< 2 Corinthiërs 3 >
1 Gaan we nu opnieuw onszelf aanprijzen? Of behoeven we misschien, als sommige anderen, aanbevelingsbrieven aan u of van u?
Cominciamo forse di nuovo a raccomandare noi stessi? O forse abbiamo bisogno, come altri, di lettere di raccomandazione per voi o da parte vostra?
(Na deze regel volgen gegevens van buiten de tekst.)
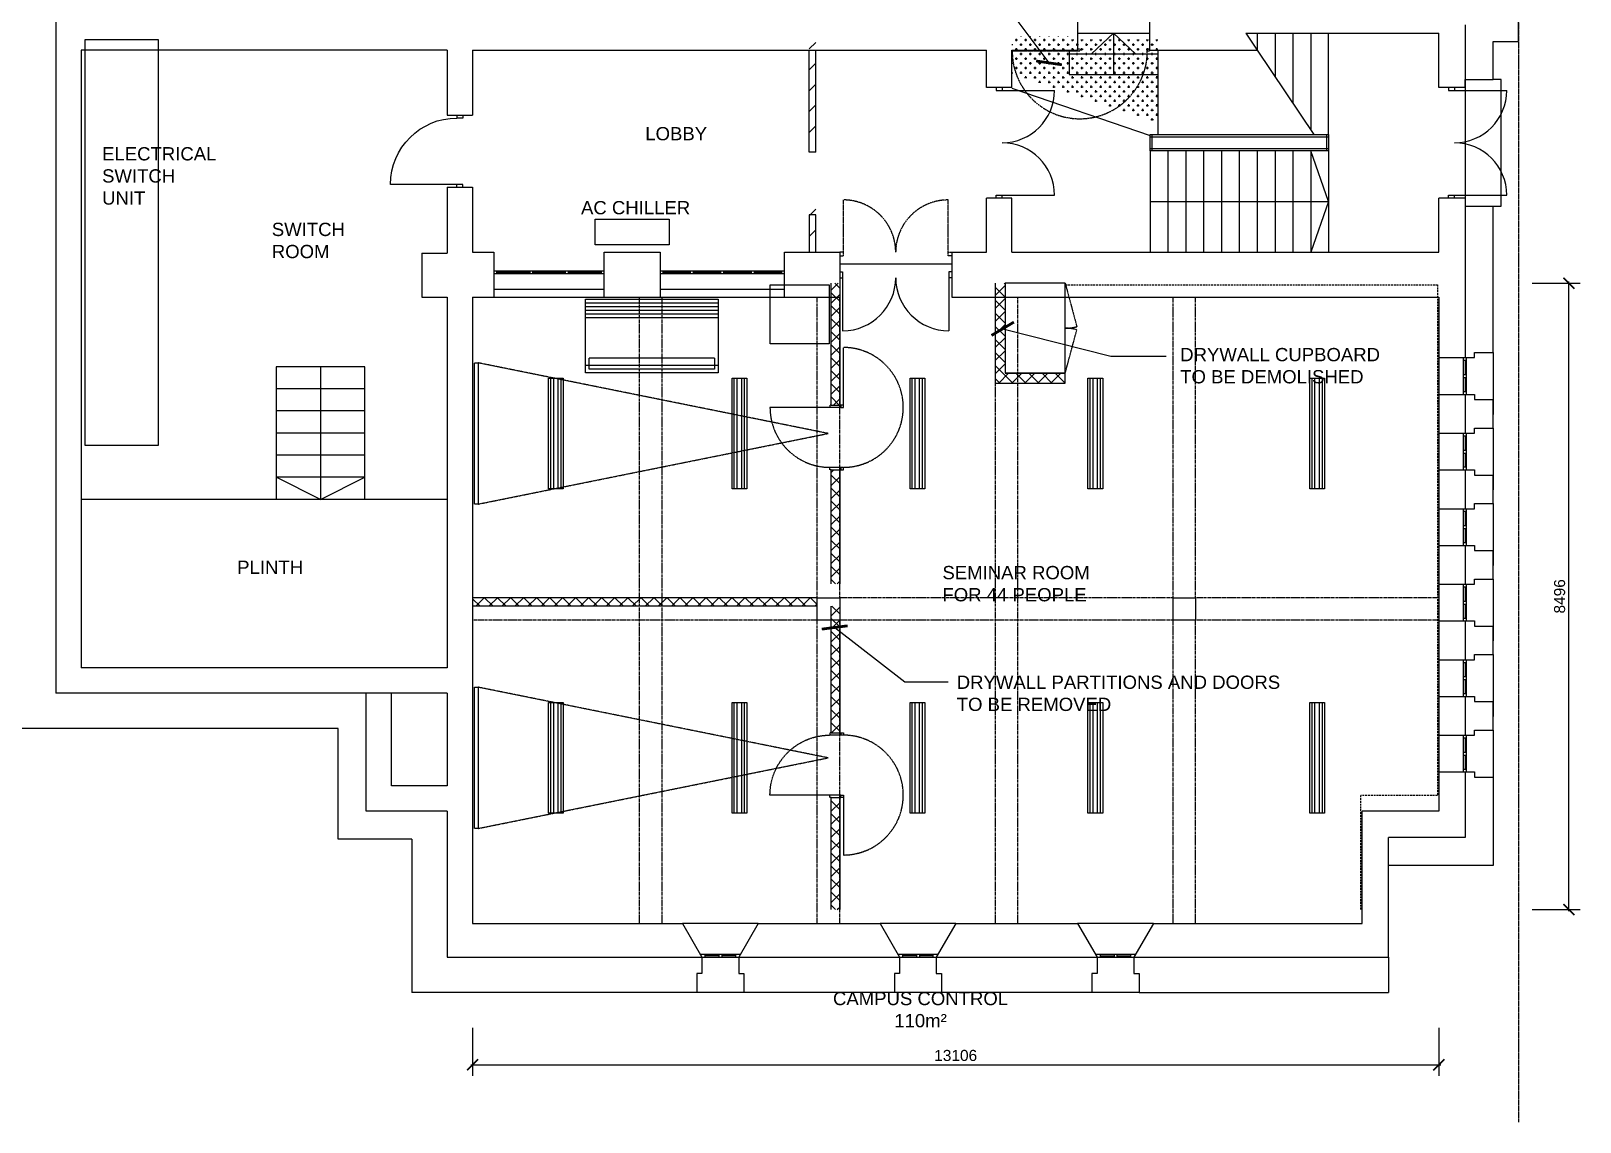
# Model space of a CAD drawing. Header units: millimetres. Extents: x -242071 to 82444, y -53139 to 112036.
# Drawn here: x -148810 to -127799, y -42646 to -27845 of the extents above; entities that cross this region are included whole.
import ezdxf

# ---------------------------------------------------------------- set-up
doc = ezdxf.new("R2010")
doc.units = ezdxf.units.MM
doc.header["$PDSIZE"] = 1
for name, pattern in [('PCENTRE', [50.8, 31.75, -6.35, 6.35, -6.35]), ('PCENTRE2', [28.575, 19.05, -3.175, 3.175, -3.175]), ('PCENTRESHORT', [28.575, 19.05, -3.175, 3.175, -3.175]), ('PDASHED2', [9.525, 6.35, -3.175]), ('PDASHEDX2', [38.1, 25.4, -12.7])]:
    doc.linetypes.add(name, pattern=pattern)
for name, color, linetype in [('Air_conditioning_ceiling_mounted', 3, 'Continuous'), ('Air_conditioning_low_level', 3, 'Continuous'), ('Boundaries_and_building_grids', 140, 'Continuous'), ('Columns_conc_steel_timber', 5, 'Continuous'), ('Communications_audio_visual', 1, 'Continuous'), ('Demolition', 1, 'Continuous'), ('Dimensions_General_Layout', 1, 'Continuous'), ('Electrical_dist_from_subboard', 1, 'Continuous'), ('Electrical_main_dist_to_subboard', 1, 'Continuous'), ('Finishes_Floor', 1, 'Continuous'), ('Fitting_Lights', 1, 'Continuous'), ('Hatch_Builders_work', 1, 'Continuous'), ('Hatch_Demolition', 1, 'Continuous'), ('Hatch_Partition_layout', 1, 'Continuous'), ('Internal_partitions', 2, 'Continuous'), ('Open_stairs_and_ramps', 2, 'Continuous'), ('Structural_frames', 3, 'Continuous'), ('Text_Builders_work', 1, 'Continuous'), ('Text_Demolition', 1, 'Continuous'), ('Text_General_Layout', 1, 'Continuous'), ('Text_Room_names_brickwork', 1, 'Continuous'), ('Walls_brick_block_etc', 3, 'Continuous'), ('Windows_and_doors_to_brickwork', 1, 'Continuous')]:
    doc.layers.add(name, color=color, linetype=linetype)
doc.styles.add('Text_Style_3_d7b89161-017f-4e9d-a07b-0b1ab719bac5', font='freehand')
doc.styles.add('Text_Style_5', font='arial.ttf')
doc.dimstyles.new('$DIM_Caddie', dxfattribs={"dimscale": 100, "dimtxt": 2.5, "dimasz": 3, "dimexe": 3, "dimexo": 0, "dimgap": 1, "dimtad": 1, "dimdec": 0, "dimzin": 0, "dimdsep": 46, "dimtxsty": 'Text_Style_3_d7b89161-017f-4e9d-a07b-0b1ab719bac5', "dimblk": 'ARCHTICK', "dimblk1": 'ARCHTICK', "dimblk2": 'ARCHTICK', "dimcen": 0.4, "dimclrd": 1, "dimclre": 1, "dimclrt": 2, "dimadec": 0, "dimazin": 0, "dimtfac": 0.5, "dimtdec": 0, "dimtix": 1, "dimtmove": 0, "dimatfit": 2, "dimldrblk": 'ARCHTICK', "dimfxl": 7, "dimfxlon": 1, "dimtfillclr": 1, "dimtolj": 1, "dimtzin": 0, "dimlwd": -3, "dimlwe": -3, "dimarcsym": 1})
pattern_1 = [(45, (-157344.63, -52553.8), (-141.4214, 141.4214), [])]
pattern_2 = [(45, (0, 0), (-88.38835, 88.38835), []), (135, (0, 0), (-88.38835, -88.38835), [])]

# ---------------------------------------------------------------- blocks, each defined once
blk = doc.blocks.new('_ArchTick')
at = {"color": 0, "linetype": 'ByBlock', "const_width": 0.15}
blk.add_lwpolyline([(-0.5, -0.5), (0.5, 0.5)], dxfattribs=at)
blk = doc.blocks.new('*D79')
at = {"layer": 'Defpoints', "color": 0}
for p in [(-129714, -38239), (-142820, -39763), (-129714, -41870)]:
    blk.add_point(p, dxfattribs=at)
at = {"layer": 'Dimensions_General_Layout', "color": 1, "linetype": 'Continuous', "lineweight": -3}
for p, q in [((-142820, -41370), (-142820, -42020)), ((-129714, -41370), (-129714, -42020)), ((-142845, -41870), (-129689, -41870))]:
    blk.add_line(p, q, dxfattribs=at)
at = {"layer": 'Dimensions_General_Layout', "color": 1, "lineweight": -3, "xscale": 150, "yscale": 150, "zscale": 150, "rotation": 180}
blk.add_blockref('_ArchTick', (-142820, -41870), dxfattribs=at)
at = {"layer": 'Dimensions_General_Layout', "color": 1, "lineweight": -3, "xscale": 150, "yscale": 150, "zscale": 150}
blk.add_blockref('_ArchTick', (-129714, -41870), dxfattribs=at)
at = {"layer": 'Dimensions_General_Layout', "color": 1, "linetype": 'Continuous', "lineweight": -3, "insert": (-136267, -41744), "char_height": 150, "attachment_point": 5, "style": 'Text_Style_5'}
blk.add_mtext('\\A1;13106', dxfattribs=at)
blk = doc.blocks.new('_Open90')
at = {"color": 0, "linetype": 'ByBlock', "lineweight": -2}
for p, q in [((0, 0), (-1, 0)), ((-0.5, 0.5), (0, 0)), ((0, 0), (-0.5, -0.5))]:
    blk.add_line(p, q, dxfattribs=at)
blk = doc.blocks.new('*D80')
at = {"layer": 'Defpoints', "color": 0}
for p in [(-129714, -31267), (-127949, -31267), (-130752, -39763)]:
    blk.add_point(p, dxfattribs=at)
at = {"layer": 'Dimensions_General_Layout', "color": 1, "linetype": 'Continuous', "lineweight": -3}
for p, q in [((-128449, -31267), (-127799, -31267)), ((-127949, -39788), (-127949, -31242)), ((-128449, -39763), (-127799, -39763))]:
    blk.add_line(p, q, dxfattribs=at)
at = {"layer": 'Dimensions_General_Layout', "color": 1, "lineweight": -3, "xscale": 150, "yscale": 150, "zscale": 150}
for p, rotation in [((-127949, -31267), 90), ((-127949, -39763), 270)]:
    blk.add_blockref('_ArchTick', p, dxfattribs=dict(at, rotation=rotation))
at = {"layer": 'Dimensions_General_Layout', "color": 1, "linetype": 'Continuous', "lineweight": -3, "insert": (-128075, -35515), "char_height": 150, "attachment_point": 5, "rotation": 90, "style": 'Text_Style_5'}
blk.add_mtext('\\A1;8496', dxfattribs=at)

msp = doc.modelspace()

# ---------------------------------------------------------------- hatches: boundary and pattern name
at = {"layer": 'Hatch_Builders_work', "linetype": 'Continuous', "lineweight": -3}
h = msp.add_hatch(dxfattribs=at)
h.set_pattern_fill('_USER', color=1, scale=200, angle=45, pattern_type=0)
h.set_pattern_definition(pattern_1)
h.paths.add_polyline_path([(-138164.1, -29296.9), (-138164.1, -27913.9), (-138254.1, -27913.9), (-138254.1, -29296.9)])
h = msp.add_hatch(dxfattribs=at)
h.set_pattern_fill('CROSS', color=8, scale=10, style=0)
h.set_pattern_definition([(0, (-174702.615, 36930.73), (63.5, 63.5), [31.75, -95.25]), (90, (-174686.74, 36914.854), (-63.5, 63.5), [31.75, -95.25])])
h.paths.add_polyline_path([(-135506.1, -28420.9), (-135506.1, -27913.9), (-134726.1, -27913.9), (-134726.1, -27964.9), (-133526.1, -27964.9), (-133526.1, -29059.9), (-133631.1, -29059.9)])
h = msp.add_hatch(dxfattribs=at)
h.set_pattern_fill('_USER', color=1, scale=200, angle=45, pattern_type=0)
h.set_pattern_definition(pattern_1)
h.paths.add_polyline_path([(-138164.1, -30656.9), (-138164.1, -30146.9), (-138254.1, -30146.9), (-138254.1, -30656.9)])
at = {"layer": 'Hatch_Demolition', "linetype": 'Continuous', "lineweight": -3}
h = msp.add_hatch(dxfattribs=at)
h.set_pattern_fill('BLOCK-SECTION', color=8, scale=2.5)
h.set_pattern_definition(pattern_2)
h.paths.add_polyline_path([(-137840.5, -32919.8), (-137840.5, -31266.9), (-137955.5, -31266.9), (-137955.5, -32919.8)])
h = msp.add_hatch(dxfattribs=at)
h.set_pattern_fill('BLOCK-SECTION', color=8, scale=2.5)
h.set_pattern_definition(pattern_2)
h.paths.add_polyline_path([(-134781.9, -32622.9), (-134781.9, -32487.9), (-135596.9, -32487.9), (-135596.9, -31266.9), (-135731.9, -31266.9), (-135731.9, -32622.9)])
h = msp.add_hatch(dxfattribs=at)
h.set_pattern_fill('BLOCK-SECTION', color=8, scale=2.5)
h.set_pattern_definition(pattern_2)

2 Gijzelf zijt onze brief, wel geschreven in ons hart, maar niettemin gekend en gelezen door alle mensen.
La nostra lettera siete voi, lettera scritta nei nostri cuori, conosciuta e letta da tutti gli uomini.
3 Want het is bekend, dat gij een brief van Christus zijt, die door ons is geschreven, niet met inkt, maar met den Geest van den levenden God; niet op stenen tafelen, maar op de vleselijke tafelen van het hart.
E' noto infatti che voi siete una lettera di Cristo composta da noi, scritta non con inchiostro, ma con lo Spirito del Dio vivente, non su tavole di pietra, ma sulle tavole di carne dei vostri cuori.
4 Door Christus hebben we dit zelfvertrouwen bij God.
Questa è la fiducia che abbiamo per mezzo di Cristo, davanti a Dio.
5 Want niet door onszelf, en als door eigen kracht zijn we in staat, iets te bedenken; maar onze geschiktheid is uit God,
Non però che da noi stessi siamo capaci di pensare qualcosa come proveniente da noi, ma la nostra capacità viene da Dio,
6 die ons bekwaam heeft gemaakt, om bedienaars te worden van een nieuw Verbond, niet van de letter, maar van den Geest. Want de letter doodt, maar de Geest maakt levend.
che ci ha resi ministri adatti di una Nuova Alleanza, non della lettera ma dello Spirito; perché la lettera uccide, lo Spirito dà vita.
7 Welnu, wanneer de bediening des doods, met letters op steen gegrift, in heerlijkheid is geweest, zodat de zonen Israëls het gelaat van Moses niet konden aanstaren om de voorbijgaande glans van zijn aanschijn,
Se il ministero della morte, inciso in lettere su pietre, fu circonfuso di gloria, al punto che i figli d'Israele non potevano fissare il volto di Mosè a causa dello splendore pure effimero del suo volto,
8 hoe veel te meer moet dan de bediening des Geestes in heerlijkheid zijn!
quanto più sarà glorioso il ministero dello Spirito?
9 En wanneer de bediening der verdoeming heerlijk was, hoeveel te meer moet de bediening der rechtvaardiging overvloeien van heerlijkheid!
Se gia il ministero della condanna fu glorioso, molto di più abbonda di gloria il ministero della giustizia.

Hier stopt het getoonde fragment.